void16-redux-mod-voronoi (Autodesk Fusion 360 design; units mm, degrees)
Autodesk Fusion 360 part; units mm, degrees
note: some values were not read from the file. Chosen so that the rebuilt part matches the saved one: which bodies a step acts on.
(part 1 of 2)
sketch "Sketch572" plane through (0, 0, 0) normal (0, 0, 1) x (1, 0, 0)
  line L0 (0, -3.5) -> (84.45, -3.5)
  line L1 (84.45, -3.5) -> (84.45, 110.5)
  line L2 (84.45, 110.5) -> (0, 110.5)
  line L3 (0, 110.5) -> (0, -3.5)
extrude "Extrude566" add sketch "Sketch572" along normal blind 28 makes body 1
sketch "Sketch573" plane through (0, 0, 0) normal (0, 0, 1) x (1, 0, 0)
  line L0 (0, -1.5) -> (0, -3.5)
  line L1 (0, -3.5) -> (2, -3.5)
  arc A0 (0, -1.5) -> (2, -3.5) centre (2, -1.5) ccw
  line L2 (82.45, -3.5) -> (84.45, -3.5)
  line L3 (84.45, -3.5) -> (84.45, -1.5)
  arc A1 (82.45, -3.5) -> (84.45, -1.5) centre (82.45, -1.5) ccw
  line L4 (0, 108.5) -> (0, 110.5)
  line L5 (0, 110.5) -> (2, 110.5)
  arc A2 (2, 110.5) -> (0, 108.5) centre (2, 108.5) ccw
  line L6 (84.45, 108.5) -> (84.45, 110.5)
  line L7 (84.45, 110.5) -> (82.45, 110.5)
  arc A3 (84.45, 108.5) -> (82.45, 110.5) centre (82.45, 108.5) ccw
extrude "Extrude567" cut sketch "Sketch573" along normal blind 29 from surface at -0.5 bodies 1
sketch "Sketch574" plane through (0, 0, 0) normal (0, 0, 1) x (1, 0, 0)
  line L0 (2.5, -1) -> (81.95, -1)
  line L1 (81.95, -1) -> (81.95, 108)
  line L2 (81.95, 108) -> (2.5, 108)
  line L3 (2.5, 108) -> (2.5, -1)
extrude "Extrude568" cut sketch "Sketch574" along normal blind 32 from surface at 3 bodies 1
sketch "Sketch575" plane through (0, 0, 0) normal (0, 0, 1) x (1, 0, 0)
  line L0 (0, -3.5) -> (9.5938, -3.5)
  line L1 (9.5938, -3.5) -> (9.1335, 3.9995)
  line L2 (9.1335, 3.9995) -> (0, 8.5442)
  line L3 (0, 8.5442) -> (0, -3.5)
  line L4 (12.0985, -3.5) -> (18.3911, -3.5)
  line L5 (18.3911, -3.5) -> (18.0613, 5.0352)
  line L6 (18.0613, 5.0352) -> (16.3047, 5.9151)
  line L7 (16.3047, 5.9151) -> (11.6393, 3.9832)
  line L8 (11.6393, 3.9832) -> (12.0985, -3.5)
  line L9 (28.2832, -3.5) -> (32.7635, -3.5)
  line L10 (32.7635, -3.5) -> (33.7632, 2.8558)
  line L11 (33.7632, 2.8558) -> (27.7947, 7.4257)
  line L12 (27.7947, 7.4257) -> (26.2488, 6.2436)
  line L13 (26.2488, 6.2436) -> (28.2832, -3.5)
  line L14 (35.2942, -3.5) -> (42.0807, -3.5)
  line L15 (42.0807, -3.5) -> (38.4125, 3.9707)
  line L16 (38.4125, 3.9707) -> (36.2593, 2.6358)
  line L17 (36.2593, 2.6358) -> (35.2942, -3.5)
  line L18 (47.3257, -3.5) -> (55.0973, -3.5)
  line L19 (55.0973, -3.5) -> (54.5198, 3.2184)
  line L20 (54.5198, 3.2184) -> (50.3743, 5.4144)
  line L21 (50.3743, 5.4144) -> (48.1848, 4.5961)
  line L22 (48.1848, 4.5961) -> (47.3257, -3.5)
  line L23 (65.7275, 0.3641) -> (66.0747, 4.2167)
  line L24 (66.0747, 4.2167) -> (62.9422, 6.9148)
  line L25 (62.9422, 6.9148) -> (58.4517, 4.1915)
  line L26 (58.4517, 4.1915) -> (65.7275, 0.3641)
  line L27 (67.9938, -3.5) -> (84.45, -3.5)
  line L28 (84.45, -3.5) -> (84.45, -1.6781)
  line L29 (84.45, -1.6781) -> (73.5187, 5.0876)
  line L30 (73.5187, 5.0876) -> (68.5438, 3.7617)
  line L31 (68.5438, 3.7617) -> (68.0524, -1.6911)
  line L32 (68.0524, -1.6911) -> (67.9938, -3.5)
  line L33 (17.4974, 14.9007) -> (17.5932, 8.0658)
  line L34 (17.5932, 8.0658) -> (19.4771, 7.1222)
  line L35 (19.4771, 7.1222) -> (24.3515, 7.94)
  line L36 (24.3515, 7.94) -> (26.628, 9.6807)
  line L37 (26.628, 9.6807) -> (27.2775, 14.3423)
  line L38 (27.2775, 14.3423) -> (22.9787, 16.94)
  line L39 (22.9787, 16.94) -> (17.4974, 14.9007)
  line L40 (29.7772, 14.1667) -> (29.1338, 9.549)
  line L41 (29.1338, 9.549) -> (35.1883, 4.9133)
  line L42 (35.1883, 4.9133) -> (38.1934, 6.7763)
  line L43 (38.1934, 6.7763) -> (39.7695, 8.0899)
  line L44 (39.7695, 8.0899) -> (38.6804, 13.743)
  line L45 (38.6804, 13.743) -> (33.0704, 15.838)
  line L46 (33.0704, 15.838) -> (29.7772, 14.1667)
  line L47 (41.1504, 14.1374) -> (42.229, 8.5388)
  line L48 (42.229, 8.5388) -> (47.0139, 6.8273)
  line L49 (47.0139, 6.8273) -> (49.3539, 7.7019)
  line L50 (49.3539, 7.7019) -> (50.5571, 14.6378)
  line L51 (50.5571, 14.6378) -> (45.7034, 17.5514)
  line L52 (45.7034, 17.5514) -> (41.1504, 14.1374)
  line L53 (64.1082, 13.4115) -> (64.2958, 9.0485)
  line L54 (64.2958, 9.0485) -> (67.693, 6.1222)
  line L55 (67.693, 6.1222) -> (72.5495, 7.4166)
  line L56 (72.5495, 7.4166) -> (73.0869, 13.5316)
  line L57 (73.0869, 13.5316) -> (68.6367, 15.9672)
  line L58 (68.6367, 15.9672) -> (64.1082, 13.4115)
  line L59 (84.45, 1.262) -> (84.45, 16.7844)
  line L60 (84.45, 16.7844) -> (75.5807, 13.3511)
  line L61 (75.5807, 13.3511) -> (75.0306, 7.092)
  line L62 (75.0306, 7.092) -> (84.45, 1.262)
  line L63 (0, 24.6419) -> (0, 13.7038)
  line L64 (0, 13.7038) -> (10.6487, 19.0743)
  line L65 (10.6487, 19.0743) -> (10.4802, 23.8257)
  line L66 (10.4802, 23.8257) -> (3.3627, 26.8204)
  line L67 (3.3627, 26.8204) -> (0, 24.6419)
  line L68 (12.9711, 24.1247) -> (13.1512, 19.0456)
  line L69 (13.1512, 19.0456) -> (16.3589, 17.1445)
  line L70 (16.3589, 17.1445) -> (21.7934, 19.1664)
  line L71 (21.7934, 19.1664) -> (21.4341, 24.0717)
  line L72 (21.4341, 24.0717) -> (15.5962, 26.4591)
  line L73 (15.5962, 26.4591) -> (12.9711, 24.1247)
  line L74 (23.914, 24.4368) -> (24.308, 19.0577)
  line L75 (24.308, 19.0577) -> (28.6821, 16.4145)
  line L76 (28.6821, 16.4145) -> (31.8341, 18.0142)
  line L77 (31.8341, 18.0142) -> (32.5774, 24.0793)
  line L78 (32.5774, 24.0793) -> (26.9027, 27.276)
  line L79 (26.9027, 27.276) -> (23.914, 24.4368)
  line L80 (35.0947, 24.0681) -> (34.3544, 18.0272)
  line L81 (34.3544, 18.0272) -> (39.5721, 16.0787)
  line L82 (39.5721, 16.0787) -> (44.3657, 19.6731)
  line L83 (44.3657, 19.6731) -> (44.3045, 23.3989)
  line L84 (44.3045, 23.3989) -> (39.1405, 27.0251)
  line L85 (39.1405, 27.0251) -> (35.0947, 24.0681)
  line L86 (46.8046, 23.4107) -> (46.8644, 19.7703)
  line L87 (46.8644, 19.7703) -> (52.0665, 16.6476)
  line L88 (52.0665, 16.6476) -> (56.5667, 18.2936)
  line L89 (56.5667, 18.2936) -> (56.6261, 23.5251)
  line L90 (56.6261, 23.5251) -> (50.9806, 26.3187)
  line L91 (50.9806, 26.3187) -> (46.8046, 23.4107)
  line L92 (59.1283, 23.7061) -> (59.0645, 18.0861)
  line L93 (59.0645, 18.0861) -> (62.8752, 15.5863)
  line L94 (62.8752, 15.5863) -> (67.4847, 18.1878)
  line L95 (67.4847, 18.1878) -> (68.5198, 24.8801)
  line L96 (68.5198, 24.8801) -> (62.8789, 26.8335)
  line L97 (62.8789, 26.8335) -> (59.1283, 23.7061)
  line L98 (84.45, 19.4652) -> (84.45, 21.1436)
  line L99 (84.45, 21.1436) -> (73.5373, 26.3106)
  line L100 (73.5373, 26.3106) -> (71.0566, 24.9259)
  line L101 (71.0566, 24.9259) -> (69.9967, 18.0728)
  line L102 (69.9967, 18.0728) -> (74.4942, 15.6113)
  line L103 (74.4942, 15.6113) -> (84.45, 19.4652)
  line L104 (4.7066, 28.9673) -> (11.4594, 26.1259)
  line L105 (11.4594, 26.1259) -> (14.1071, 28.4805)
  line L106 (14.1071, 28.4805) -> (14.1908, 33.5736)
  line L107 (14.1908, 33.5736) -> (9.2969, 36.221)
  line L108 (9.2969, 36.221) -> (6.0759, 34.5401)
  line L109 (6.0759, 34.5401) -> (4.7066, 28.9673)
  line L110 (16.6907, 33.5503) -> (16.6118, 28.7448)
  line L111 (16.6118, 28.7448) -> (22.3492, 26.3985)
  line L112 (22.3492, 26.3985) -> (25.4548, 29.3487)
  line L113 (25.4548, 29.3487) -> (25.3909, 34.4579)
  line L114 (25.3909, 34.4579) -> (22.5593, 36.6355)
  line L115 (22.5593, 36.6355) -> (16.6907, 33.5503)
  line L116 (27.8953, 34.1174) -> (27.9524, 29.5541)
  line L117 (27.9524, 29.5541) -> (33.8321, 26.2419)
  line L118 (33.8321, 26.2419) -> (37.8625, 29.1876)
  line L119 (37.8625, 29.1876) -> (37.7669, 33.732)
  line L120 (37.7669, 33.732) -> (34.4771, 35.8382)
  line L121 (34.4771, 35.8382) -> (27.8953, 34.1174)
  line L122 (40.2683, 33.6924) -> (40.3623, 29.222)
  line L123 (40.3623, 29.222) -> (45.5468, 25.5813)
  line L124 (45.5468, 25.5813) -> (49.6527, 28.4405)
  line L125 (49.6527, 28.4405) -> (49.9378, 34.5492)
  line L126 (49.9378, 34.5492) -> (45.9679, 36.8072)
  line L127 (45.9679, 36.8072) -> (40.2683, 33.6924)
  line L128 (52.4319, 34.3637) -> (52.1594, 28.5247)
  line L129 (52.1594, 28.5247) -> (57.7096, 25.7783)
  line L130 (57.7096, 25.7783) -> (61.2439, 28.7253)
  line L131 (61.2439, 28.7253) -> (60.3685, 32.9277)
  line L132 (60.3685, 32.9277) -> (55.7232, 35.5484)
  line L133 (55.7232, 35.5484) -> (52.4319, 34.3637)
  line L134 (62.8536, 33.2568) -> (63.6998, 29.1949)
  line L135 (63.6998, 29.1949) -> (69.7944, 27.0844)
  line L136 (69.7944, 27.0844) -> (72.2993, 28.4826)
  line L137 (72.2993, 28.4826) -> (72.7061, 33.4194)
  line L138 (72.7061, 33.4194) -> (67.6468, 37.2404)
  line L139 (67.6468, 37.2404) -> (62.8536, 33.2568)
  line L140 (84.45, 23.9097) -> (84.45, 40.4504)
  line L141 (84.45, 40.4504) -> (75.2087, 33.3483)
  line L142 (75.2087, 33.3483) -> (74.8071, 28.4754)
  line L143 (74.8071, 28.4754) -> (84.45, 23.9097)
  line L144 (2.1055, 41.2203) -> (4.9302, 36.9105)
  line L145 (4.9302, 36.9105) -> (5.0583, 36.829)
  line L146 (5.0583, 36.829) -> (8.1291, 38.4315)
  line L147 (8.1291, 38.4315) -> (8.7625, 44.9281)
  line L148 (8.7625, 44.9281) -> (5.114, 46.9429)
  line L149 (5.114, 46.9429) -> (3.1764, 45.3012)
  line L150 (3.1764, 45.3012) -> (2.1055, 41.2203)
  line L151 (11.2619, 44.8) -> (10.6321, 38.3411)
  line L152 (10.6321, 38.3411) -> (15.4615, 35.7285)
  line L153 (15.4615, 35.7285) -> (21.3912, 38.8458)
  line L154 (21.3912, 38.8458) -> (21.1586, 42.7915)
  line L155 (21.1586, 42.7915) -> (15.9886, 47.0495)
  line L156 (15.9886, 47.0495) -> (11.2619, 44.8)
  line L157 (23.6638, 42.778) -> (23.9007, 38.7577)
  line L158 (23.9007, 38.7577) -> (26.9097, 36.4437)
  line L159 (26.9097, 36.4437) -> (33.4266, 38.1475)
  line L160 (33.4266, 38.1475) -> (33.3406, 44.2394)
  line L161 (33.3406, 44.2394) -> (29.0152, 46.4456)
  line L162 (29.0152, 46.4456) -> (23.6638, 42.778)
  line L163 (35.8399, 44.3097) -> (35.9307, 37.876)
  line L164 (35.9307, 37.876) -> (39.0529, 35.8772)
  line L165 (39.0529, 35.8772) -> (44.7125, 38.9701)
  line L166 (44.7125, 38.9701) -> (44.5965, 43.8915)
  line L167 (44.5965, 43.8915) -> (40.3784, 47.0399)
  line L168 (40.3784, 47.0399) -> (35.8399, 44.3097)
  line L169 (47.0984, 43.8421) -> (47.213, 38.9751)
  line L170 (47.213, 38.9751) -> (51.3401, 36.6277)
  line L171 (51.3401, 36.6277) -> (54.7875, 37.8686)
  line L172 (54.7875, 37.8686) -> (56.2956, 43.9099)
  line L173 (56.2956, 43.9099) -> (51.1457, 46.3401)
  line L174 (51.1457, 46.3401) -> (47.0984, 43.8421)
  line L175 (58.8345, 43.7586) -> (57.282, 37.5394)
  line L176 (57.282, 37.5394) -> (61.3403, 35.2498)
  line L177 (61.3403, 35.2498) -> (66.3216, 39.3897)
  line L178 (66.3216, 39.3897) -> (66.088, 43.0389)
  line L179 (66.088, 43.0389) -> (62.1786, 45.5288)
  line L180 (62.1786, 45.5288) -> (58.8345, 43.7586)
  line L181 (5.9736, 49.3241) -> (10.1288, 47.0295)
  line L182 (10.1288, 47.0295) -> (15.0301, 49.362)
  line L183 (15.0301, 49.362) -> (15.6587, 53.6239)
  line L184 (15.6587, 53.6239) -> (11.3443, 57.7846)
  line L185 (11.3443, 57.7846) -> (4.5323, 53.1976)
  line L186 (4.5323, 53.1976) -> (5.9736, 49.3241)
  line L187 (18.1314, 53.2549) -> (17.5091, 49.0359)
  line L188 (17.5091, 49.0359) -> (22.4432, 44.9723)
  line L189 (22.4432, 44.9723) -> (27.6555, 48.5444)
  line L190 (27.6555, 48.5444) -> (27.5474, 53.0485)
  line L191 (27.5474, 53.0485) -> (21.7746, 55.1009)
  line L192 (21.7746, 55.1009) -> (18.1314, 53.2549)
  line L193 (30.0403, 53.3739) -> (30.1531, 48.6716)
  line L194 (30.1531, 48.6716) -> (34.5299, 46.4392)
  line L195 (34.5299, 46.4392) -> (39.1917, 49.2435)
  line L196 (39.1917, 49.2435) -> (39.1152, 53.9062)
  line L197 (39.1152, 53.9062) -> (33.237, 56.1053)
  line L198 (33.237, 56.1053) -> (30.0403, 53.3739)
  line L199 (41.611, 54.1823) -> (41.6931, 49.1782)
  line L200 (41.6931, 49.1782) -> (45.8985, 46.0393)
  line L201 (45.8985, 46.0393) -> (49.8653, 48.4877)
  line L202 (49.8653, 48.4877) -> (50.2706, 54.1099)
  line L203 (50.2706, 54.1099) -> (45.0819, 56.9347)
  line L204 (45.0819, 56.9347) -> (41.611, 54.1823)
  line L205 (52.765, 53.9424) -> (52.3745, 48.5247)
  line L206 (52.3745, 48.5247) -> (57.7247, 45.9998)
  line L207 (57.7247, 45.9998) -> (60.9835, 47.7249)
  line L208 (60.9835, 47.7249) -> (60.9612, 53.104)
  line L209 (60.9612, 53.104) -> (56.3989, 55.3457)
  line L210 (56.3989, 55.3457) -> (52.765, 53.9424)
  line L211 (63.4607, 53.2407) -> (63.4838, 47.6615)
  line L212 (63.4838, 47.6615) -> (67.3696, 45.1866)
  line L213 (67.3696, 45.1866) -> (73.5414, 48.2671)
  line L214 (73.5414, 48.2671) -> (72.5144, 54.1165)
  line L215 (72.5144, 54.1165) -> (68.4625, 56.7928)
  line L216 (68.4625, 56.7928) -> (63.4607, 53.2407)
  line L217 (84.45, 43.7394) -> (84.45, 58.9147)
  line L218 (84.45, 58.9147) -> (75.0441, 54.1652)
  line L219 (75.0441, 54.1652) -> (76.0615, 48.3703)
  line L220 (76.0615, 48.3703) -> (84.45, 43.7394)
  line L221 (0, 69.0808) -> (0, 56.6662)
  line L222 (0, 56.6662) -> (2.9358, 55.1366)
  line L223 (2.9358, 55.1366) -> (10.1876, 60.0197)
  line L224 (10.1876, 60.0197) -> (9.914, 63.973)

※ ※ ※

I'd like the lines above from the one with "line L151 (11.2619, 44.8)" up to and including the one with "line L181 (5.9736, 49.3241)" copied exactly, with no other lines.

== ANSWER TO THE PROBLEM ==
  line L151 (11.2619, 44.8) -> (10.6321, 38.3411)
  line L152 (10.6321, 38.3411) -> (15.4615, 35.7285)
  line L153 (15.4615, 35.7285) -> (21.3912, 38.8458)
  line L154 (21.3912, 38.8458) -> (21.1586, 42.7915)
  line L155 (21.1586, 42.7915) -> (15.9886, 47.0495)
  line L156 (15.9886, 47.0495) -> (11.2619, 44.8)
  line L157 (23.6638, 42.778) -> (23.9007, 38.7577)
  line L158 (23.9007, 38.7577) -> (26.9097, 36.4437)
  line L159 (26.9097, 36.4437) -> (33.4266, 38.1475)
  line L160 (33.4266, 38.1475) -> (33.3406, 44.2394)
  line L161 (33.3406, 44.2394) -> (29.0152, 46.4456)
  line L162 (29.0152, 46.4456) -> (23.6638, 42.778)
  line L163 (35.8399, 44.3097) -> (35.9307, 37.876)
  line L164 (35.9307, 37.876) -> (39.0529, 35.8772)
  line L165 (39.0529, 35.8772) -> (44.7125, 38.9701)
  line L166 (44.7125, 38.9701) -> (44.5965, 43.8915)
  line L167 (44.5965, 43.8915) -> (40.3784, 47.0399)
  line L168 (40.3784, 47.0399) -> (35.8399, 44.3097)
  line L169 (47.0984, 43.8421) -> (47.213, 38.9751)
  line L170 (47.213, 38.9751) -> (51.3401, 36.6277)
  line L171 (51.3401, 36.6277) -> (54.7875, 37.8686)
  line L172 (54.7875, 37.8686) -> (56.2956, 43.9099)
  line L173 (56.2956, 43.9099) -> (51.1457, 46.3401)
  line L174 (51.1457, 46.3401) -> (47.0984, 43.8421)
  line L175 (58.8345, 43.7586) -> (57.282, 37.5394)
  line L176 (57.282, 37.5394) -> (61.3403, 35.2498)
  line L177 (61.3403, 35.2498) -> (66.3216, 39.3897)
  line L178 (66.3216, 39.3897) -> (66.088, 43.0389)
  line L179 (66.088, 43.0389) -> (62.1786, 45.5288)
  line L180 (62.1786, 45.5288) -> (58.8345, 43.7586)
  line L181 (5.9736, 49.3241) -> (10.1288, 47.0295)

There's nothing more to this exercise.